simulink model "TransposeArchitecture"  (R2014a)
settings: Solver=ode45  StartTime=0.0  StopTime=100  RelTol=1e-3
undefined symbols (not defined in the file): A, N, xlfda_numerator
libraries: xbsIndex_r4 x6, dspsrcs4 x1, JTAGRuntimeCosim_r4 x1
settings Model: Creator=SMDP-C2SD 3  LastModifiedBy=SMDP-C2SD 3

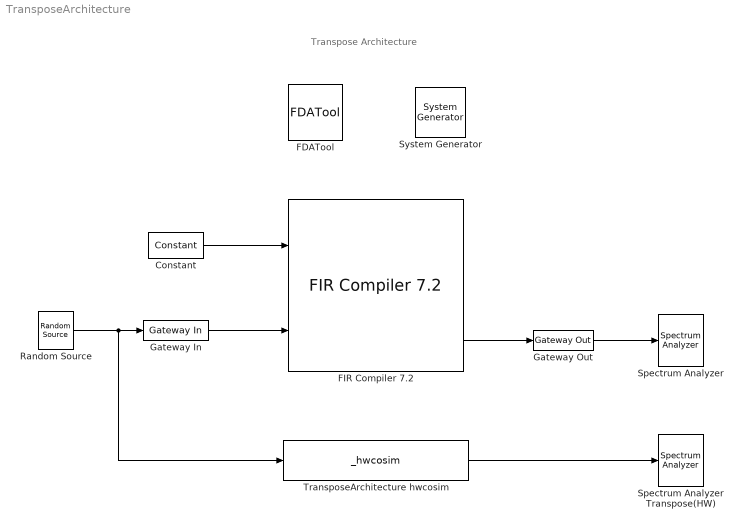
== system TransposeArchitecture ==
  note: Transpose Architecture
  " System Generator" : xbsIndex_r4/ System Generator  Tag=genX  xilinxfamily=zynq  part=xc7z020  speed=-1  package=clg484  synthesis_tool=Vivado  clock_wrapper=Clock Enables  directory=C:/sys_1/hcosim  proj_type=Vivado  Synth_file=Vivado Synthesis Defaults  Impl_file=Vivado Implementation Defaults  testbench=off  simulink_period=1/30  sysclk_period=10  dcm_input_clock_period=10  incr_netlist=off  trim_vbits=Everywhere in SubSystem  dbl_ovrd=According to Block Masks  core_generation=According to Block Masks  run_coregen=off  deprecated_control=off  eval_field=0  block_type=sysgen
  Constant : xbsIndex_r4/Constant  const=1.0  gui_display_data_type=Boolean  arith_type=Boolean  n_bits=16  bin_pt=14  preci_type=Single  exp_width=8  frac_width=24  explicit_period=on  period=1/30  equ=P=C  opselect=C  inp2=PCIN>>17  opr=+  inp1=P  carry=CIN  dbl_ovrd=off  block_type=constant
  FDATool : xbsIndex_r4/FDATool  block_type=fdatool
      settings: infoedit=FDATool
  "FIR Compiler 7.2 " : xbsIndex_r4/FIR Compiler 7.2   coefficientvector=xlfda_numerator('FDATool')  coefficient_sets=1  coefficient_reload=off  filter_type=Single_Rate  rate_change_type=Integer  interpolation_rate=1  decimation_rate=1  zero_pack_factor=1  channel_sequence=Basic  number_channels=1  pattern_list='P4-0,P4-1,P4-2,P4-3,P4-4'  number_paths=1  ratespecification=Output_Sample_Period  sampleperiod=1  hardwareoversamplingrate=1  coefficient_sign=Signed  quantization=Quantize_Only  coefficient_width=16  bestprecision=off  coefficient_fractional_bits=14  coefficient_structure=Non_Symmetric  output_rounding_mode=Full_Precision  output_width=32  filter_architecture=Transpose_Multiply_Accumulate  optimization_goal=Area  optimization_list='None'  data_buffer_type=Automatic  coefficient_buffer_type=Automatic  input_buffer_type=Automatic  output_buffer_type=Automatic  preference_for_other_storage=Automatic  multi_column_support=Automatic  columnconfig='20,20,60,60,6'  inter_column_pipe_length=4  data_has_tlast=Not_Required  m_data_has_tready=off  s_data_has_fifo=off  s_data_has_tuser=Not_Required  m_data_has_tuser=Not_Required  s_config_sync_mode=On_Vector  s_config_method=Single  num_reload_slots=1  has_aclken=off  has_aresetn=off  infoeditControl=ARESETn must be asserted for a minimum of 2 cycles  reset_data_vector=on  trim_axipin_name=on  simulation_type=hybrid_sim  simulation_model=sysgen:xfirv7_2_cmodel  data_path_portlist={ 's_axis_data_tdata', 'm_axis_data_tdata' }  passband_min=0.0  passband_max=0.5  stopband_min=0.5  stopband_max=1.0  filter_selection=1  gui_behaviour='Sysgen_GUI'  data_sign=Signed  data_width=16  data_fractional_bits=0  data_tuser_width=1  wrapper_available=true  ip_wrap_arbitrary_binary_point=true  ip_name=FIR Compiler  ip_version=7.2  dsptool_ready=true  ipcore_usecache=true  ipcore_useipmodelcache=true  port_translation_map={ 'aclken' => 'en', 'aresetn' => 'rst' }  run_core_at_system_period=true  ipcore_xco_need_fpga_part=true  block_type=fir_compiler_v7_2
      settings: infoedit=Maximum Possible : Maximizes oversampling rate. Abstracted input handshake (no s_data_tvalid) and automatic rate propagation.<br>Hardware Oversampling Rate : Specifies oversampling rate relative to the input sample period. Abstracted input handshake (no s_data_tvalid) and automatic rate propagation.<br>Input/Output Sample Period : Specifies absolute oversampling rate. No input handshake abstraction (exposes s_data_tvalid) and no rate propagation.
  Gateway In : xbsIndex_r4/Gateway In  gui_display_data_type=Fixed-point  arith_type="Signed  (2's comp)"  n_bits=8  bin_pt=6  preci_type=Single  exp_width=8  frac_width=24  rows=1  columns=1  quantization="Round  (unbiased: +/- Inf)"  overflow=Saturate  period=1/30  UseAsADC=off  ADCChannel='1'  interface=None  automatic_assignment=on  address_offset=hex2dec('00')  intf_name=''  intf_description=''  timing_constraint=None  locs_specified=off  LOCs={}  io_standard={}  inherit_from_input=off  hdl_port=on  dbl_ovrd=off  block_type=gatewayin
  Gateway Out : xbsIndex_r4/Gateway Out  inherit_from_input=off  hdl_port=on  rows=1  columns=1  UseAsDAC=off  DACChannel='1'  interface=None  automatic_assignment=on  address_offset=hex2dec('00')  intf_name=''  intf_description=''  timing_constraint=None  locs_specified=off  LOCs={}  io_standard={}  block_type=gatewayout
  Random Source : dspsrcs4/Random Source  SrcType=Gaussian  NormMethod=Ziggurat  CltLength=12  MinVal=0  MaxVal=1  MeanVal=0  VarVal=1  RepMode=Not repeatable  rawSeed=1  IsInherit=off  SampMode=Discrete  SampTime=1/30  SampFrame=1  DataType=Double  OutComplex=Real
  Spectrum Analyzer : SpectrumAnalyzer
  Spectrum Analyzer Transpose(HW) : SpectrumAnalyzer
  TransposeArchitecture hwcosim : JTAGRuntimeCosim_r4/_hwcosim  clkSrc=Single Stepped  hasCombinationalPath=on  bitfileName=C:\sys_1\hcosim\transposearchitecture.bit  skipConfig=off  dispPartInfo=off  useZynqReconfigScript=off  cable=Auto Detect  speed=N/A  cablePort=N/A  cableLocation=Local  shareCable=off  design_xtable=|  engineDll=JTAGCosimEngine.dll  cableWaitTime=10  bscanPos=-1  IRLengths=[]  useWaitBox=1  hasBufgmux=on  Scheme=Cosim  useCmdProc=1  hasProc=0  useImpact=0  printLogFile=0  userChain=2  block_type=jtagcosim
      | {
      |     'clkWrapper' => 'transposearchitecture',
      |     'burstMode' => false,
      |     'burstFifoDepth' => '1024',
      |     'shared_memories' => {},
      |     'clocksGcd' => 1,
      |     'device' => {
      |       'family' => 'zynq',
      |       'part' => 'xc7z020',
      |       'package' => 'clg484',
      |       'speed' => -1,
      |     },
      |     'ports' => {
      |       'gateway_in' => {
      |         'direction' => 'in',
      |         'width' => 8,
      |         'name' => 'gateway_in',
      |         'period' => 1,
      |         'icon_text' => 'Gateway In',
      |         'type' => 'Fix_8_6',
      |         'arithmetic_type' => 'xlSigned',
      |         'dat_file' => 'transposearchitecture_gateway_in.dat',
      |         'bin_pt' => 6,
      |         'addr_offset' => 0,
      |         'bd_port_index' => 0,
      |       },
      |       'gateway_out' => {
      |         'direction' => 'out',
      |         'width' => 24,
      |         'name' => 'gateway_out',
      |         'period' => 1,
      |         'icon_text' => 'Gateway Out',
      |         'type' => 'Fix_24_20',
      |         'arithmetic_type' => 'xlSigned',
      |         'dat_file' => 'transposearchitecture_gateway_out.dat',
      |         'bin_pt' => 20,
      |         'addr_offset' => 4,
      |         'bd_port_index' => 0,
      |       },
      |     },
      |   }
  wires:
  Constant/1 -> "FIR Compiler 7.2 "/1
  Gateway In/1 -> "FIR Compiler 7.2 "/2
  "FIR Compiler 7.2 "/3 -> Gateway Out/1
  Gateway Out/1 -> Spectrum Analyzer/1
  Random Source/1 -> TransposeArchitecture hwcosim/1, Gateway In/1
  TransposeArchitecture hwcosim/1 -> Spectrum Analyzer Transpose(HW)/1
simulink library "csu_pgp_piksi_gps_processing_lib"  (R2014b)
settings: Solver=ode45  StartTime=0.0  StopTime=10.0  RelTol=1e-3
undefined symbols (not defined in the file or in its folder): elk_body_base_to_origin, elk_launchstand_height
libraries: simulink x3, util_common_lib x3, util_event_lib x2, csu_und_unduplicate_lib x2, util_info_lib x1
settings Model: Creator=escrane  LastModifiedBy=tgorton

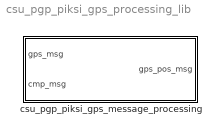
== system csu_pgp_piksi_gps_processing_lib ==
  csu_pgp_piksi_gps_message_processing : Subsystem

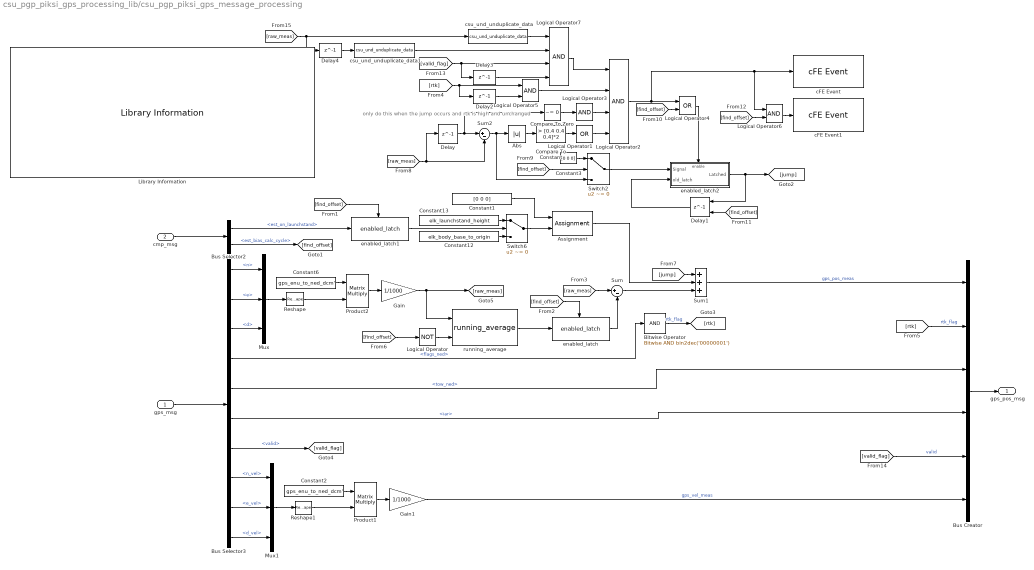
== system csu_pgp_piksi_gps_processing_lib/csu_pgp_piksi_gps_message_processing ==
  note: only do this when the jump occurs and rtk is high and unchanged
  gps_msg : Inport
  cmp_msg : Inport  Port=2
  Abs : Abs
  Assignment : Assignment  DiagnosticForDimensions=Warning  Indices=3
  Bitwise Operator : simulink/Logic and Bit Operations/Bitwise Operator  logicop=AND  UseBitMask=on  BitMask=bin2dec('00000001')  BitMaskRealWorld=Stored Integer
  Bus Creator : BusCreator  Inputs=6
  Bus Selector2 : BusSelector  OutputSignals=est_on_launchstand,est_bias_calc_cycle
  Bus Selector3 : BusSelector  OutputSignals=n,e,d,flags_ned,tow_ned,iar,valid,n_vel,e_vel,d_vel
  Compare To Constant : simulink/Logic and Bit Operations/Compare To Constant  relop=>  const=[0.4 0.4 0.4]*2  OutDataTypeStr=boolean
  Compare To Zero : simulink/Logic and Bit Operations/Compare To Zero  relop=~=  OutDataTypeStr=boolean
  Constant1 : Constant  Value=[0 0 0]  OutDataTypeStr=double
  Constant12 : Constant  Value=elk_body_base_to_origin  VectorParams1D=off
  Constant13 : Constant  Value=elk_launchstand_height  VectorParams1D=off
  Constant2 : Constant  Value=gps_enu_to_ned_dcm'
  Constant3 : Constant  Value=[0 0 0]  OutDataTypeStr=double
  Constant6 : Constant  Value=gps_enu_to_ned_dcm'
  Delay{,2..4} (4 alike) : Delay  DelayLength=1  InitialCondition=0
  Delay1 : Delay  DelayLength=1  InitialCondition=0  ExternalReset=Rising
      settings: InputPortMap=u0,r5
  Gain : Gain  Gain=1/1000
  Gain1 : Gain  Gain=1/1000
  Library Information : util_info_lib/Library Information  owner='escrane'
  Logical Operator : Logic  Operator=NOT  AllPortsSameDT=off  OutDataTypeStr=boolean
  Logical Operator1 : Logic  Operator=OR  Inputs=1  AllPortsSameDT=off  OutDataTypeStr=boolean
  Logical Operator2 : Logic  Inputs=4  AllPortsSameDT=off  OutDataTypeStr=boolean
  Logical Operator3 : Logic  Inputs=1  AllPortsSameDT=off  OutDataTypeStr=boolean
  Logical Operator4 : Logic  Operator=OR  AllPortsSameDT=off  OutDataTypeStr=boolean
  Logical Operator5 : Logic  AllPortsSameDT=off  OutDataTypeStr=boolean
  Logical Operator6 : Logic  AllPortsSameDT=off  OutDataTypeStr=boolean
  Logical Operator7 : Logic  Inputs=4  AllPortsSameDT=off  OutDataTypeStr=boolean
  Mux : Mux  Inputs=3
  Mux1 : Mux  Inputs=3
  Product1 : Product  Multiplication=Matrix(*)
  Product2 : Product  Multiplication=Matrix(*)
  Reshape : Reshape  OutputDimensionality=Column vector (2-D)
  Reshape1 : Reshape  OutputDimensionality=Column vector (2-D)
  Sum : Sum  Inputs=|+-
  Sum1 : Sum  Inputs=+++
  Sum2 : Sum  Inputs=|+-
  Switch2 : Switch  Criteria=u2 ~= 0  Threshold=0.5  InputSameDT=on
  Switch6 : Switch  Criteria=u2 ~= 0  Threshold=0.5  InputSameDT=on
  cFE Event : util_event_lib/cFE Event  event_message='GPS measurement has jumped. Absorbing in offset calculation.'  event_id=45  event_severity=INFORMATION  event_filtered=off  event_mask=1  event_use_enums=off  event_enum_types={}
  cFE Event1 : util_event_lib/cFE Event  event_message='ALERT: GPS measurement has jumped while calculating offset.'  event_id=45  event_severity=ERROR  event_filtered=off  event_mask=1  event_use_enums=off  event_enum_types={}
  csu_und_unduplicate_data : csu_und_unduplicate_lib/csu_und_unduplicate_data  initial_compare=0
  csu_und_unduplicate_data1 : csu_und_unduplicate_lib/csu_und_unduplicate_data  initial_compare=0
  enabled_latch : util_common_lib/enabled_latch  initial_output=0
  enabled_latch1 : util_common_lib/enabled_latch  initial_output=cml_initial_value.est_on_launchstand
  enabled_latch2 : Subsystem  mask{initial_output=0}
      mask prompts: initial_output "Initial Output Value"
      mask Display:
      | color('blue')
      | text(0.05,0.02,'NASA',...
      |  	'HorizontalAlignment','Left',...
      | 	'VerticalAlignment','bottom')
  running_average : util_common_lib/running_average  initial_mean=[0 0 0]'
  gps_pos_msg : Outport
  wires:
  Gain1/1 -> Bus Creator/6  "gps_vel_meas"
  Delay4/1 -> csu_und_unduplicate_data1/1
  csu_und_unduplicate_data1/1 -> Logical Operator7/2
  csu_und_unduplicate_data/1 -> Logical Operator7/1
  [raw_meas] -> csu_und_unduplicate_data/1, Delay4/1
  [valid_flag] -> Bus Creator/5  "valid"
  [valid_flag] -> Delay3/1, Logical Operator7/3
  Delay3/1 -> Logical Operator7/4
  Logical Operator7/1 -> Logical Operator2/1
  Product1/1 -> Gain1/1
  Reshape1/1 -> Product1/2
  Constant2/1 -> Product1/1
  Mux1/1 -> Reshape1/1
  Bus Selector3/10 -> Mux1/3  "<d_vel>"
  Bus Selector3/9 -> Mux1/2  "<e_vel>"
  Bus Selector3/8 -> Mux1/1  "<n_vel>"
  [find_offset] -> Logical Operator6/2
  Logical Operator6/1 -> cFE Event1/1
  Assignment/1 -> Sum1/2
  [jump] -> Sum1/1
  Bitwise Operator/1 -> [rtk]  "rtk_flag"
  [raw_meas] -> Sum/1
  [raw_meas] -> Delay/1, Sum2/2
  Logical Operator5/1 -> Logical Operator2/2
  Delay2/1 -> Logical Operator5/2
  [rtk] -> Logical Operator5/1, Delay2/1
  [find_offset] -> Delay1/2
  Logical Operator4/1 -> enabled_latch2/Enable
  [find_offset] -> Logical Operator4/2
  Logical Operator2/1 -> Logical Operator4/1, cFE Event/1, Logical Operator6/1
  Switch2/1 -> enabled_latch2/1(Signal)
  Constant3/1 -> Switch2/1
  [find_offset] -> Switch2/2
  enabled_latch2/1(Latched) -> [jump], Delay1/1
  Delay1/1 -> enabled_latch2/2(old_latch)
  Compare To Zero/1 -> Logical Operator3/1
  Logical Operator3/1 -> Logical Operator2/3
  Logical Operator1/1 -> Logical Operator2/4
  Compare To Constant/1 -> Logical Operator1/1
  Abs/1 -> Compare To Constant/1
  Sum2/1 -> Switch2/3, Abs/1
  Delay/1 -> Sum2/1, Compare To Zero/1
  Bus Selector3/7 -> [valid_flag]  "<valid>"
  Bus Selector2/2 -> [find_offset]  "<est_bias_calc_cycle>"
  Sum1/1 -> Bus Creator/1  "gps_pos_meas"
  Bus Selector3/6 -> Bus Creator/4  "<iar>"
  Bus Selector3/5 -> Bus Creator/3  "<tow_ned>"
  [find_offset] -> enabled_latch/Enable
  [find_offset] -> enabled_latch1/Enable
  Bus Selector2/1 -> enabled_latch1/1  "<est_on_launchstand>"
  enabled_latch1/1 -> Switch6/2
  Constant1/1 -> Assignment/1
  Switch6/1 -> Assignment/2
  Constant12/1 -> Switch6/3
  Constant13/1 -> Switch6/1
  cmp_msg/1 -> Bus Selector2/1
  Sum/1 -> Sum1/3
  [rtk] -> Bus Creator/2  "rtk_flag"
  Logical Operator/1 -> running_average/2
  [find_offset] -> Logical Operator/1
  running_average/1 -> enabled_latch/1
  enabled_latch/1 -> Sum/2
  Bus Creator/1 -> gps_pos_msg/1
  Bus Selector3/4 -> Bitwise Operator/1  "<flags_ned>"
  Gain/1 -> running_average/1, [raw_meas]
  Product2/1 -> Gain/1
  Reshape/1 -> Product2/2
  Constant6/1 -> Product2/1
  Mux/1 -> Reshape/1
  Bus Selector3/3 -> Mux/3  "<d>"
  Bus Selector3/2 -> Mux/2  "<e>"
  Bus Selector3/1 -> Mux/1  "<n>"
  gps_msg/1 -> Bus Selector3/1

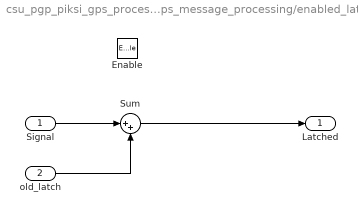
== system csu_pgp_piksi_gps_processing_lib/csu_pgp_piksi_gps_message_processing/enabled_latch2 ==
  Signal : Inport
  old_latch : Inport  Port=2
  Enable : EnablePort
  Sum : Sum  Inputs=|++
  Latched : Outport  InitialOutput=initial_output
  wires:
  old_latch/1 -> Sum/2
  Sum/1 -> Latched/1
  Signal/1 -> Sum/1

-------------------------

- WHAT IS EXPECTED: Print exactly the first line of the entries and every line after it through the one that contains "settings: infoedit=FDATool", leaving the pictures out.

- YOUR RESPONSE:
simulink model "TransposeArchitecture"  (R2014a)
settings: Solver=ode45  StartTime=0.0  StopTime=100  RelTol=1e-3
undefined symbols (not defined in the file): A, N, xlfda_numerator
libraries: xbsIndex_r4 x6, dspsrcs4 x1, JTAGRuntimeCosim_r4 x1
settings Model: Creator=SMDP-C2SD 3  LastModifiedBy=SMDP-C2SD 3

== system TransposeArchitecture ==
  note: Transpose Architecture
  " System Generator" : xbsIndex_r4/ System Generator  Tag=genX  xilinxfamily=zynq  part=xc7z020  speed=-1  package=clg484  synthesis_tool=Vivado  clock_wrapper=Clock Enables  directory=C:/sys_1/hcosim  proj_type=Vivado  Synth_file=Vivado Synthesis Defaults  Impl_file=Vivado Implementation Defaults  testbench=off  simulink_period=1/30  sysclk_period=10  dcm_input_clock_period=10  incr_netlist=off  trim_vbits=Everywhere in SubSystem  dbl_ovrd=According to Block Masks  core_generation=According to Block Masks  run_coregen=off  deprecated_control=off  eval_field=0  block_type=sysgen
  Constant : xbsIndex_r4/Constant  const=1.0  gui_display_data_type=Boolean  arith_type=Boolean  n_bits=16  bin_pt=14  preci_type=Single  exp_width=8  frac_width=24  explicit_period=on  period=1/30  equ=P=C  opselect=C  inp2=PCIN>>17  opr=+  inp1=P  carry=CIN  dbl_ovrd=off  block_type=constant
  FDATool : xbsIndex_r4/FDATool  block_type=fdatool
      settings: infoedit=FDATool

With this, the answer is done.